=== Begin Enclosure ===
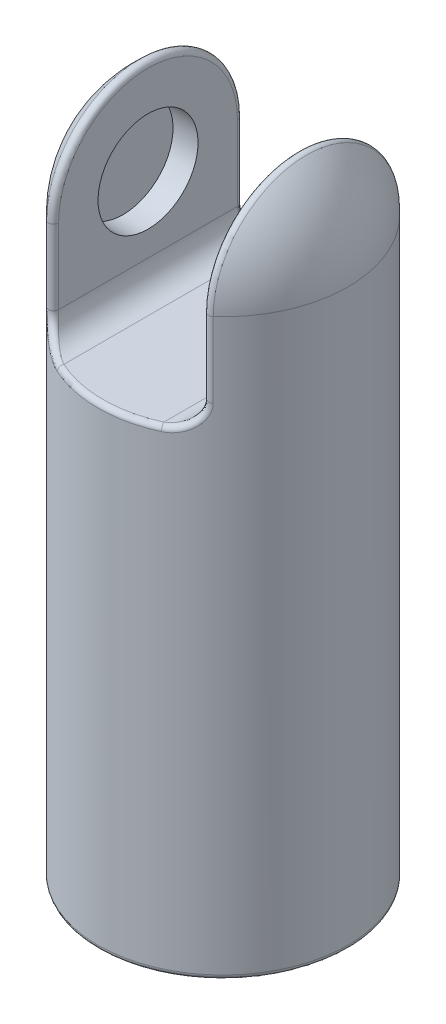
from build123d import *

# Parameters (mm, degrees)
CUT_EXTRUDE1_DEPTH      = 19.934096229
CUT_EXTRUDE2_DEPTH      = 2
CUT_EXTRUDE2_DEPTH_BACK = 2
SKETCH4_R               = 1
FILLET1_R               = 0.1
FILLET2_R               = 0.1


with BuildPart() as part:
    # Sketch2 → Revolve1 (revolve)
    with BuildSketch(Plane.XY, mode=Mode.PRIVATE) as revolve1_sk:
        with BuildLine():
            Line((0, 0), (2.5, 0))
            Line((2.5, 0), (2.5, 11.5))
            ThreePointArc((2.5, 11.5), (1.767766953, 13.267766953), (0, 14))
            Line((0, 14), (0, 0))
        make_face()
    revolve(revolve1_sk.sketch.rotate(Axis((0, 2.995219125, 0), (0, -1, 0)), 90), axis=Axis((0, 2.995219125, 0), (0, -1, 0)))

    # Sketch3 → Cut-Extrude1 (cut, through all)
    with BuildSketch(Plane.XY.offset(10)):
        with BuildLine():
            Line((-1.5, 13.5), (-1.5, 10))
            ThreePointArc((-1.5, 10), (-1.353553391, 9.646446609), (-1, 9.5))
            Line((-1, 9.5), (1, 9.5))
            ThreePointArc((1, 9.5), (1.353553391, 9.646446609), (1.5, 10))
            Line((1.5, 10), (1.5, 13.5))
            ThreePointArc((1.5, 13.5), (0, 14), (-1.5, 13.5))
        make_face()
    extrude(amount=-CUT_EXTRUDE1_DEPTH, mode=Mode.SUBTRACT)

    # Sketch4 → Cut-Extrude2 (cut, two sides: drawn at the far end of the back side and taken through both)
    with BuildSketch(Plane(origin=(0, 0, 0), x_dir=(0, 0, -1), z_dir=(1, 0, 0)).offset(-CUT_EXTRUDE2_DEPTH_BACK)):
        with Locations(Location((0, 11.5, 0), (0, 0, 90))):
            Circle(SKETCH4_R)
    extrude(amount=CUT_EXTRUDE2_DEPTH + CUT_EXTRUDE2_DEPTH_BACK, mode=Mode.SUBTRACT)

    # Fillet1
    fillet1_edges = [part.edges().sort_by_distance(p)[0] for p in [
        (1.5, 13.5, 0),
        (-1.5, 13.5, 0),
        (0, 9.5, -2.5),
        (-1.344745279, 9.637852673, -2.107524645),
        (1.344745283, 9.637852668, 2.107524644),
        (-0.510774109, 9.5, 2.447265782),
        (-1.344745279, 9.637852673, 2.107524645),
        (1.344745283, 9.637852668, -2.107524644),
        (-1.5, 10.75, 2),
        (-1.5, 10.75, -2),
        (1.5, 10.75, -2),
        (1.5, 10.75, 2),
    ]]
    fillet(fillet1_edges, radius=FILLET1_R)

    # Fillet2
    fillet2_edges = [part.edges().sort_by_distance(p)[0] for p in [
        (0, 0, -2.5),
    ]]
    fillet(fillet2_edges, radius=FILLET2_R)


solid = part.part
=== End Enclosure ===
Scan the data above, find each line with "through", and copy it.

    # Sketch3 → Cut-Extrude1 (cut, through all)
    # Sketch4 → Cut-Extrude2 (cut, two sides: drawn at the far end of the back side and taken through both)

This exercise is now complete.